I went $230,000 into debt to become a doctor in America - iwh
http://qz.com/67304/i-just-finished-my-87-hour-work-week-and-have-230000-in-medical-school-debt/

======
noonespecial
_You may ask why do we do all of this? It’s because we have pride in what we
do. We truly care for the well-being of the human race._

This is like chum in the water for bureaucrats. Its basically a declaration
saying "I'd work just as hard for even less".
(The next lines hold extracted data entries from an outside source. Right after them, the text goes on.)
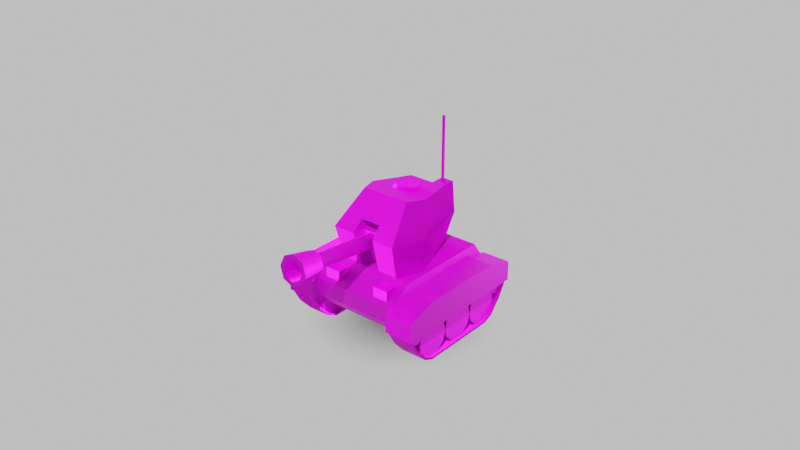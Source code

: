 # Source: mini_tank.blend  (saved by Blender 2.80.75; exported with 4.5.12 LTS)
import bpy
from mathutils import Matrix  # noqa: F401  (used for matrix-valued properties, if any)

bpy.ops.wm.read_factory_settings(use_empty=True)
scene = bpy.context.scene
scene.name = 'Scene'

# ---- collections
col_collection = bpy.data.collections.new('Collection'); scene.collection.children.link(col_collection)

# ---- images (referenced by path relative to the original .blend; pixels are not part of the script)
import os
ASSET_DIR = os.environ.get("B2B_ASSET_DIR", "")  # directory of the original .blend (textures are referenced by path, not embedded)
HERE = os.path.dirname(os.path.abspath(__file__))  # packed textures are extracted next to this script under _unpacked/

def load_image(name, relpath, width, height, colorspace="sRGB"):
    """Load a texture the original file referenced (path relative to the .blend, or extracted next to this script)."""
    p = next((c for c in (os.path.join(HERE, relpath), os.path.join(ASSET_DIR, relpath)) if relpath and os.path.exists(c)), "")
    if p:
        img = bpy.data.images.load(p, check_existing=True)
        img.name = name
    else:  # same state as the original file: an image datablock whose file is absent (Cycles renders it pink)
        img = bpy.data.images.new(name, width, height)
        img.source = "FILE"
        img.filepath = "//" + (relpath or name)
    img.colorspace_settings.name = colorspace
    return img
img_normal_map_png = load_image('normal_map.png', 'normal_map.png', 1024, 1024, 'Non-Color')
img_flat_color = load_image('flat_color', 'flat_color.png', 1024, 1024, 'sRGB')
img_normal_map_png_002 = load_image('normal_map.png.002', 'normal_map.png', 1024, 1024, 'Non-Color')
img_flat_color_002 = load_image('flat_color.002', 'flat_color.png', 1024, 1024, 'sRGB')

# ---- materials (node trees are filled in below, after node groups)
mat_low_poly_material = bpy.data.materials.new('low_poly_material')
mat_low_poly_material.use_transparent_shadow = False
mat_metal = bpy.data.materials.new('metal')
mat_metal.use_transparent_shadow = False
mat_metal.diffuse_color = (0.8, 0.05601, 0.03131, 1.0)
mat_shadow = bpy.data.materials.new('Shadow')
mat_shadow.surface_render_method = 'BLENDED'
mat_shadow.blend_method = 'BLEND'
mat_shadow.use_transparent_shadow = False
mat_low_poly_material_002 = bpy.data.materials.new('low_poly_material.002')
mat_low_poly_material_002.use_transparent_shadow = False
mat_metal_002 = bpy.data.materials.new('metal.002')
mat_metal_002.use_transparent_shadow = False
mat_metal_002.diffuse_color = (0.8, 0.05601, 0.03131, 1.0)

# ---- material node trees
mat_low_poly_material.use_nodes = True; mat_low_poly_material.node_tree.nodes.clear()
_N = mat_low_poly_material.node_tree.nodes; _L = mat_low_poly_material.node_tree.links
n0 = _N.new('ShaderNodeOutputMaterial'); n0.name = 'Material Output'; n0.location = (407, 300)
n1 = _N.new('ShaderNodeTexCoord'); n1.name = 'Texture Coordinate'; n1.location = (-620, -122)
n2 = _N.new('ShaderNodeBsdfPrincipled'); n2.name = 'Principled BSDF'; n2.location = (117, 300)
n2.distribution = 'GGX'
n2.subsurface_method = 'BURLEY'
n2.inputs[1].default_value = 0.8
n2.inputs[2].default_value = 0.6
n2.inputs[3].default_value = 1.45
n2.inputs[13].default_value = 0.6
n2.inputs[27].default_value = (0.0, 0.0, 0.0, 1.0)
n2.inputs[28].default_value = 1.0
n3 = _N.new('ShaderNodeTexImage'); n3.name = 'Image Texture.001'; n3.location = (-433, -27)
n3.image = img_normal_map_png
n4 = _N.new('ShaderNodeNormalMap'); n4.name = 'Normal Map'; n4.location = (-113, -25)
n4.uv_map = 'UVMap'
n5 = _N.new('ShaderNodeTexImage'); n5.name = 'Image Texture'; n5.location = (-290, 326)
n5.image = img_flat_color
n6 = _N.new('ShaderNodeMix'); n6.name = 'Mix'; n6.location = (-153, 180)
n6.data_type = 'RGBA'
n6.inputs[0].default_value = 0.8
n6.inputs[7].default_value = (1.0, 1.0, 1.0, 1.0)
n7 = _N.new('ShaderNodeMix'); n7.name = 'Mix.001'; n7.location = (-53, 180)
n7.data_type = 'RGBA'
n7.inputs[0].default_value = 0.2
n7.inputs[6].default_value = (1.0, 1.0, 1.0, 1.0)
_L.new(n2.outputs[0], n0.inputs[0])
_L.new(n4.outputs[0], n2.inputs[5])
_L.new(n1.outputs[2], n3.inputs[0])
_L.new(n5.outputs[0], n2.inputs[0])
_L.new(n3.outputs[0], n4.inputs[1])
_L.new(n5.outputs[0], n6.inputs[6])
_L.new(n6.outputs[2], n7.inputs[7])
_L.new(n7.outputs[2], n2.inputs[14])
n0.is_active_output = True
mat_metal.use_nodes = True; mat_metal.node_tree.nodes.clear()
_N = mat_metal.node_tree.nodes; _L = mat_metal.node_tree.links
n0 = _N.new('ShaderNodeOutputMaterial'); n0.name = 'Material Output'; n0.location = (300, 300)
n1 = _N.new('ShaderNodeBsdfPrincipled'); n1.name = 'Principled BSDF'; n1.location = (10, 300)
n1.distribution = 'GGX'
n1.subsurface_method = 'BURLEY'
n1.inputs[0].default_value = (0.4788, 0.4788, 0.4788, 1.0)
n1.inputs[1].default_value = 1.0
n1.inputs[3].default_value = 1.45
n1.inputs[15].default_value = 0.6
n1.inputs[27].default_value = (0.0, 0.0, 0.0, 1.0)
n1.inputs[28].default_value = 1.0
_L.new(n1.outputs[0], n0.inputs[0])
n0.is_active_output = True
mat_shadow.use_nodes = True; mat_shadow.node_tree.nodes.clear()
_N = mat_shadow.node_tree.nodes; _L = mat_shadow.node_tree.links
n0 = _N.new('ShaderNodeOutputMaterial'); n0.name = 'Material Output'; n0.location = (544, 300)
n1 = _N.new('ShaderNodeTexCoord'); n1.name = 'Texture Coordinate'; n1.location = (-358, 397)
n2 = _N.new('ShaderNodeTexGradient'); n2.name = 'Gradient Texture'; n2.location = (-187, 403)
n2.gradient_type = 'QUADRATIC_SPHERE'
n3 = _N.new('ShaderNodeMixShader'); n3.name = 'Mix Shader'; n3.location = (353, 297)
n4 = _N.new('ShaderNodeBsdfTransparent'); n4.name = 'Transparent BSDF'; n4.location = (-187, 255)
n5 = _N.new('ShaderNodeEmission'); n5.name = 'Emission'; n5.location = (-184, 165)
n5.inputs[0].default_value = (0.09822, 0.09822, 0.09822, 1.0)
n6 = _N.new('ShaderNodeValToRGB'); n6.name = 'ColorRamp'; n6.location = (33, 429)
while len(n6.color_ramp.elements) > 1: n6.color_ramp.elements.remove(n6.color_ramp.elements[-1])
n6.color_ramp.elements[0].position = 0.3235; n6.color_ramp.elements[0].color = (0.0, 0.0, 0.0, 1.0)
_e = n6.color_ramp.elements.new(0.8613); _e.color = (1.0, 1.0, 1.0, 1.0)
_L.new(n2.outputs[1], n6.inputs[0])
_L.new(n1.outputs[3], n2.inputs[0])
_L.new(n4.outputs[0], n3.inputs[1])
_L.new(n3.outputs[0], n0.inputs[0])
_L.new(n5.outputs[0], n3.inputs[2])
_L.new(n6.outputs[0], n3.inputs[0])
n0.is_active_output = True
mat_low_poly_material_002.use_nodes = True; mat_low_poly_material_002.node_tree.nodes.clear()
_N = mat_low_poly_material_002.node_tree.nodes; _L = mat_low_poly_material_002.node_tree.links
n0 = _N.new('ShaderNodeOutputMaterial'); n0.name = 'Material Output'; n0.location = (407, 300)
n1 = _N.new('ShaderNodeTexCoord'); n1.name = 'Texture Coordinate'; n1.location = (-620, -122)
n2 = _N.new('ShaderNodeBsdfPrincipled'); n2.name = 'Principled BSDF'; n2.location = (117, 300)
n2.distribution = 'GGX'
n2.subsurface_method = 'BURLEY'
n2.inputs[1].default_value = 0.8
n2.inputs[2].default_value = 0.6
n2.inputs[3].default_value = 1.45
n2.inputs[13].default_value = 0.6
n2.inputs[27].default_value = (0.0, 0.0, 0.0, 1.0)
n2.inputs[28].default_value = 1.0
n3 = _N.new('ShaderNodeTexImage'); n3.name = 'Image Texture.001'; n3.location = (-433, -27)
n3.image = img_normal_map_png_002
n4 = _N.new('ShaderNodeNormalMap'); n4.name = 'Normal Map'; n4.location = (-113, -25)
n4.uv_map = 'UVMap'
n5 = _N.new('ShaderNodeTexImage'); n5.name = 'Image Texture'; n5.location = (-290, 326)
n5.image = img_flat_color_002
n6 = _N.new('ShaderNodeMix'); n6.name = 'Mix'; n6.location = (-153, 180)
n6.data_type = 'RGBA'
n6.inputs[0].default_value = 0.8
n6.inputs[7].default_value = (1.0, 1.0, 1.0, 1.0)
n7 = _N.new('ShaderNodeMix'); n7.name = 'Mix.001'; n7.location = (-53, 180)
n7.data_type = 'RGBA'
n7.inputs[0].default_value = 0.2
n7.inputs[6].default_value = (1.0, 1.0, 1.0, 1.0)
_L.new(n2.outputs[0], n0.inputs[0])
_L.new(n4.outputs[0], n2.inputs[5])
_L.new(n1.outputs[2], n3.inputs[0])
_L.new(n5.outputs[0], n2.inputs[0])
_L.new(n3.outputs[0], n4.inputs[1])
_L.new(n5.outputs[0], n6.inputs[6])
_L.new(n6.outputs[2], n7.inputs[7])
_L.new(n7.outputs[2], n2.inputs[14])
n0.is_active_output = True
mat_metal_002.use_nodes = True; mat_metal_002.node_tree.nodes.clear()
_N = mat_metal_002.node_tree.nodes; _L = mat_metal_002.node_tree.links
n0 = _N.new('ShaderNodeOutputMaterial'); n0.name = 'Material Output'; n0.location = (300, 300)
n1 = _N.new('ShaderNodeBsdfPrincipled'); n1.name = 'Principled BSDF'; n1.location = (10, 300)
n1.distribution = 'GGX'
n1.subsurface_method = 'BURLEY'
n1.inputs[0].default_value = (0.4788, 0.4788, 0.4788, 1.0)
n1.inputs[1].default_value = 1.0
n1.inputs[3].default_value = 1.45
n1.inputs[15].default_value = 0.6
n1.inputs[27].default_value = (0.0, 0.0, 0.0, 1.0)
n1.inputs[28].default_value = 1.0
_L.new(n1.outputs[0], n0.inputs[0])
n0.is_active_output = True

# ---- world
world_world = bpy.data.worlds.new('World'); scene.world = world_world
world_world.use_nodes = True; world_world.node_tree.nodes.clear()
_N = world_world.node_tree.nodes; _L = world_world.node_tree.links
n0 = _N.new('ShaderNodeOutputWorld'); n0.name = 'World Output'; n0.location = (300, 300)
n1 = _N.new('ShaderNodeBackground'); n1.name = 'Background'; n1.location = (10, 300)
n1.inputs[0].default_value = (0.6782, 0.6782, 0.6782, 1.0)
_L.new(n1.outputs[0], n0.inputs[0])
n0.is_active_output = True
world_world.color = (0.05088, 0.05088, 0.05088)
world_world.use_sun_shadow = False
world_world.sun_shadow_jitter_overblur = 0.0

# ---- lights
light_area = bpy.data.lights.new('Area', 'SUN')
light_area.transmission_factor = 0.0
light_area.shadow_soft_size = 2.0
light_area_001 = bpy.data.lights.new('Area.001', 'AREA')
light_area_001.transmission_factor = 0.0
light_area_001.energy = 78.54
light_area_001.shadow_soft_size = 3.61
light_area_001.shadow_maximum_resolution = 0.006
light_area_001.use_absolute_resolution = True
light_area_001.shape = 'DISK'
light_area_001.size = 3.61
light_area_001.size_y = 1.0

# ---- meshes
me_cube_001 = bpy.data.meshes.new('Cube.001')
me_cube_001.from_pydata([(-9.538e-08, 0.8134, 3.541), (0.2955, 0.6919, 3.556), (0.4179, 0.3984, 3.591), (0.2955, 0.105, 3.625), (-1.319e-07, -0.01655, 3.64), (-0.2955, 0.105, 3.625), (-0.4179, 0.3984, 3.591), (-0.2955, 0.6919, 3.556), (-1.062, -1.469, 1.352), (-0.8524, -0.7099, 3.603), (-0.7212, 1.376, 1.352), (-0.6641, 1.376, 3.352), (1.062, -1.469, 1.352), (0.8524, -0.7099, 3.603), (0.7212, 1.376, 1.352), (0.6641, 1.376, 3.352), (-1.173, -1.789, 2.567), (-0.7899, 1.834, 2.297), (0.7899, 1.834, 2.297), (1.173, -1.789, 2.567), (-1.418, -0.5747, 1.352), (-1.08, -0.05442, 3.524), (1.418, -0.5747, 1.352), (1.08, -0.05442, 3.524), (1.513, -0.5938, 2.478), (-1.513, -0.5938, 2.478), (0.2142, 1.376, 3.352), (0.1685, 1.834, 2.297), (0.2142, 1.877, 3.352), (0.6641, 1.877, 3.352), (-0.3541, -1.469, 1.352), (0.3541, -1.469, 1.352), (1.007e-08, -0.7099, 3.603), (-0.2784, -1.36, 2.567), (0.391, -1.789, 2.567), (-0.391, -1.789, 2.567), (0.2784, -1.36, 2.567), (0.2521, -1.04, 1.352), (-0.2521, -1.04, 1.352), (-1.062, -1.415, 2.926), (-0.7464, 1.676, 2.663), (0.7464, 1.676, 2.663), (1.062, -1.415, 2.926), (1.363, -0.4069, 2.841), (-1.363, -0.4069, 2.841), (0.1843, 1.676, 2.663), (0.354, -1.415, 2.926), (-0.354, -1.415, 2.926), (0.252, -0.9859, 2.754), (-0.252, -0.9859, 2.754), (-0.3473, 0.7292, 3.43), (-0.4908, 0.3843, 3.471), (-0.3467, 0.04016, 3.513), (-1.368e-07, -0.1022, 3.53), (-9.392e-08, 0.8722, 3.412), (0.3473, 0.7292, 3.43), (0.3467, 0.04016, 3.513), (0.4908, 0.3843, 3.471), (0.4024, 1.59, 3.303), (0.4024, 1.59, 5.634), (0.4024, 1.663, 3.303), (0.4024, 1.663, 5.634), (0.4759, 1.59, 3.303), (0.4759, 1.59, 5.634), (0.4759, 1.663, 3.303), (0.4759, 1.663, 5.634)], [], [(1, 0, 7, 6, 5, 4, 3, 2), (44, 21, 11, 40), (40, 11, 26, 45), (43, 23, 13, 42), (47, 32, 9, 39), (9, 32, 21), (30, 35, 16, 8), (22, 24, 19, 12), (14, 10, 27, 18), (20, 25, 17, 10), (8, 16, 25, 20), (14, 18, 24, 22), (35, 30, 38, 33), (41, 15, 23, 43), (39, 9, 21, 44), (26, 15, 29, 28), (18, 27, 28, 29), (15, 41, 18, 29), (27, 45, 26, 28), (47, 35, 33, 49), (31, 34, 36, 37), (12, 19, 34, 31), (13, 23, 32), (34, 46, 48, 36), (46, 47, 49, 48), (42, 13, 32, 46), (46, 32, 47), (19, 42, 46, 34), (16, 39, 44, 25), (18, 41, 43, 24), (35, 47, 39, 16), (24, 43, 42, 19), (17, 40, 45, 27), (25, 44, 40, 17), (38, 37, 36, 33), (48, 49, 33, 36), (31, 37, 22, 12), (20, 38, 30, 8), (22, 20, 10, 14), (38, 20, 22, 37), (50, 51, 6, 7), (57, 55, 1, 2), (51, 52, 5, 6), (56, 57, 2, 3), (4, 53, 56, 3), (54, 50, 7, 0), (55, 54, 0, 1), (5, 52, 53, 4), (32, 23, 56, 53), (21, 32, 53, 52), (26, 54, 55, 15), (26, 11, 50, 54), (11, 21, 51, 50), (51, 21, 52), (15, 55, 57, 23), (56, 23, 57), (10, 17, 27), (58, 59, 61, 60), (60, 61, 65, 64), (64, 65, 63, 62), (62, 63, 59, 58), (60, 64, 62, 58), (65, 61, 59, 63)])
me_cube_001.polygons.foreach_set('use_smooth', [True] * 63)
_uv = me_cube_001.uv_layers.new(name='UVMap')
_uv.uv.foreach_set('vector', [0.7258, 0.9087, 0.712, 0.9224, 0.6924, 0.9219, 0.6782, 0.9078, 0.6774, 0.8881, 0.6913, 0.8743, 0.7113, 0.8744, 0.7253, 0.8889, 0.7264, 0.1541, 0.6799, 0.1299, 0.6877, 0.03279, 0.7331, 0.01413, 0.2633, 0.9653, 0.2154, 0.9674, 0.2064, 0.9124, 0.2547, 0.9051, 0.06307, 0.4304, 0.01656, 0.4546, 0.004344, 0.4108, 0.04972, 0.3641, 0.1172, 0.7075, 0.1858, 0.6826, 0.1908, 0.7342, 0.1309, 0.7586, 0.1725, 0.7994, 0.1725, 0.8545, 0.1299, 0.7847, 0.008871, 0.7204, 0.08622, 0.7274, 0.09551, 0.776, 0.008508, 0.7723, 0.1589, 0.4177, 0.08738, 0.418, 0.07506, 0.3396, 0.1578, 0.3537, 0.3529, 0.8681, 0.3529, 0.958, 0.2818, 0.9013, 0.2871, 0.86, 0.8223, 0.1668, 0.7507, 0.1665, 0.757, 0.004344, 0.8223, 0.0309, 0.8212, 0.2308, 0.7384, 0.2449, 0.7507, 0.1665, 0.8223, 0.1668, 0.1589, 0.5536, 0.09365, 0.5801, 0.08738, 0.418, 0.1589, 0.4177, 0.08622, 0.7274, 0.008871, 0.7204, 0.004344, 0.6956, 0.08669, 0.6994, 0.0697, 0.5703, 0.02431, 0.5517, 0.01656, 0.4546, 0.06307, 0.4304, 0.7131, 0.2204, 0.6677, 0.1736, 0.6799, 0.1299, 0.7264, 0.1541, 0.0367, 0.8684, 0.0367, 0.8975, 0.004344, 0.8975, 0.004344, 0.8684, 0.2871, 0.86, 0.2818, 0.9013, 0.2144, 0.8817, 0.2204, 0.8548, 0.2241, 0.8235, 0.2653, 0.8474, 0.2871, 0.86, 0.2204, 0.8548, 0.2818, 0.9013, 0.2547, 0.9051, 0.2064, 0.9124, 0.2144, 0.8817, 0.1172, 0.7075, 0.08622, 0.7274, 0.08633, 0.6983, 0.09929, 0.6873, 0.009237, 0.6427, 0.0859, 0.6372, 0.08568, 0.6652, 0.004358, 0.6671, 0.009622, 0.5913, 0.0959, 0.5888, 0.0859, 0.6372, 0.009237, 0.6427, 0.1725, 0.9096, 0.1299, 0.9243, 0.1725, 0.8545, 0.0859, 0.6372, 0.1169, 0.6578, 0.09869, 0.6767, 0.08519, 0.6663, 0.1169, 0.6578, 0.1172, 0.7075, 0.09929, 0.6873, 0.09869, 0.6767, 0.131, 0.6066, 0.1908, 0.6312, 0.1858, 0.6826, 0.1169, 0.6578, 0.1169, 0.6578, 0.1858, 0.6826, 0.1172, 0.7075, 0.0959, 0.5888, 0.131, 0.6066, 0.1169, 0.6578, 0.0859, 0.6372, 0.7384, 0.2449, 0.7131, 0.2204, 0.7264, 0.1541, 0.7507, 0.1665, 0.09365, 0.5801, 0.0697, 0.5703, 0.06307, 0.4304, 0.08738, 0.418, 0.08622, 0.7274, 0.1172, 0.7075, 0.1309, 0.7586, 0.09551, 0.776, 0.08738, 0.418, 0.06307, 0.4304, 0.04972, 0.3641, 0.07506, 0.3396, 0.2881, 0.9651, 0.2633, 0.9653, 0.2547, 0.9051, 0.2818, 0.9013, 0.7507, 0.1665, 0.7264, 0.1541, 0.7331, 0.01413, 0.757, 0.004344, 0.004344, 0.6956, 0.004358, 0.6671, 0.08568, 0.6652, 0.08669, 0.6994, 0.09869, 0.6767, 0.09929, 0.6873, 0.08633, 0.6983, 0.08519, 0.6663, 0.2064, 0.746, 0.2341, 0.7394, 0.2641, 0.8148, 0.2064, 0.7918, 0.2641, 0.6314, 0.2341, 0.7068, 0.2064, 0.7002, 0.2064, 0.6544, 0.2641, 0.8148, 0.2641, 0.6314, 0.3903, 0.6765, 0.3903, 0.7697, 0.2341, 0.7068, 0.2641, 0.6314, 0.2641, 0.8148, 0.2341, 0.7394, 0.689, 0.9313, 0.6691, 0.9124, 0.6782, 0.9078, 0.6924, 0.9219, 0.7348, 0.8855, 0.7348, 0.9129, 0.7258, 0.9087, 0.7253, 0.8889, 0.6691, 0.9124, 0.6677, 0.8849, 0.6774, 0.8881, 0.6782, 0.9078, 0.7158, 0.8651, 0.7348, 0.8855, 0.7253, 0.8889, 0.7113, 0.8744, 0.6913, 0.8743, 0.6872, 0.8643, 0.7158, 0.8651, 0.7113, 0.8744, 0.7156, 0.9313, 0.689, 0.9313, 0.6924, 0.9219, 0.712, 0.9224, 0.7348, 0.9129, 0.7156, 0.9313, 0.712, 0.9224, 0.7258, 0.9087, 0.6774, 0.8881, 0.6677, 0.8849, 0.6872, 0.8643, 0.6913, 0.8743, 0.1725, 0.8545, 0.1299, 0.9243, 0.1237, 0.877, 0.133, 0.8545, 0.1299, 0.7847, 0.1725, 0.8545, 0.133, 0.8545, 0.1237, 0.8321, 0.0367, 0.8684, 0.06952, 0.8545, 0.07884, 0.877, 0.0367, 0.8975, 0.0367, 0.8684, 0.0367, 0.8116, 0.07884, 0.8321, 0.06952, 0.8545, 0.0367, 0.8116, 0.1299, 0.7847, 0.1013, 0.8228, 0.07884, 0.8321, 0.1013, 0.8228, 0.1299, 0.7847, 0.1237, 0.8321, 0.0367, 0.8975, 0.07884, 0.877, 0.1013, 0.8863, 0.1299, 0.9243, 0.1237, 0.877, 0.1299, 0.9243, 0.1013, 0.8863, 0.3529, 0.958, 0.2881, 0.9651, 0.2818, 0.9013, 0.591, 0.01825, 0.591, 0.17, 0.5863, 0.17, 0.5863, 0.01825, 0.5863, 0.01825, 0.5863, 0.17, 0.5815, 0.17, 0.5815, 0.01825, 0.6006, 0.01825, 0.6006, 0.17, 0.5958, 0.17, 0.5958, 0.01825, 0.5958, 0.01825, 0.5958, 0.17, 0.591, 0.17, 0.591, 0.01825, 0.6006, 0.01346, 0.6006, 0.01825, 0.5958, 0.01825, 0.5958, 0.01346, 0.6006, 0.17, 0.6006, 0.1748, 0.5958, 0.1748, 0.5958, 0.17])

The problem with "caring" professions is that once you're in the thick of it,
its extremely hard to walk away from people in need regardless of the cost to
yourself or your family. There are all too many people willing to take
advantage of this.

------
noname123
Hmm, I thought if you took ROAD (radiology, ophthalmology, anesthesiology and
dermatology), you avg. income is $250K/year.

For comparison, an average developer salary is about $100K/year. So that is a
$150K difference. Taking into account net worth, I think it's pretty
optimistic to estimate avg. engineer net worth to hover around $125K at age
30, while avg. doctor's net worth is at -$100K to be pessimistic.

Assuming that a developer and doctor is saving 25% of his pre-tax income which
is respectively, 25K and $65K and putting it into an investment account that
yields 8% annual return, after 35 years, a developer will have 6.5 million
with $100K starting amount and the doctor 12.09 million with -$100K deficit.

So financially speaking, it's nearly 2x more monetarily ewarding to become a
doctor or a lawyer over an engineer despite people's complaint about grad
school debt and late start.

------
cityzen
Same general complaints could be made by the middle class as a whole. I lost
interest in this article when he started talking about being in medical school
running up crazy student loan debt AND having TWO kids.

------
bcheung
Paying $230K for an education seems like a lousy investment to me.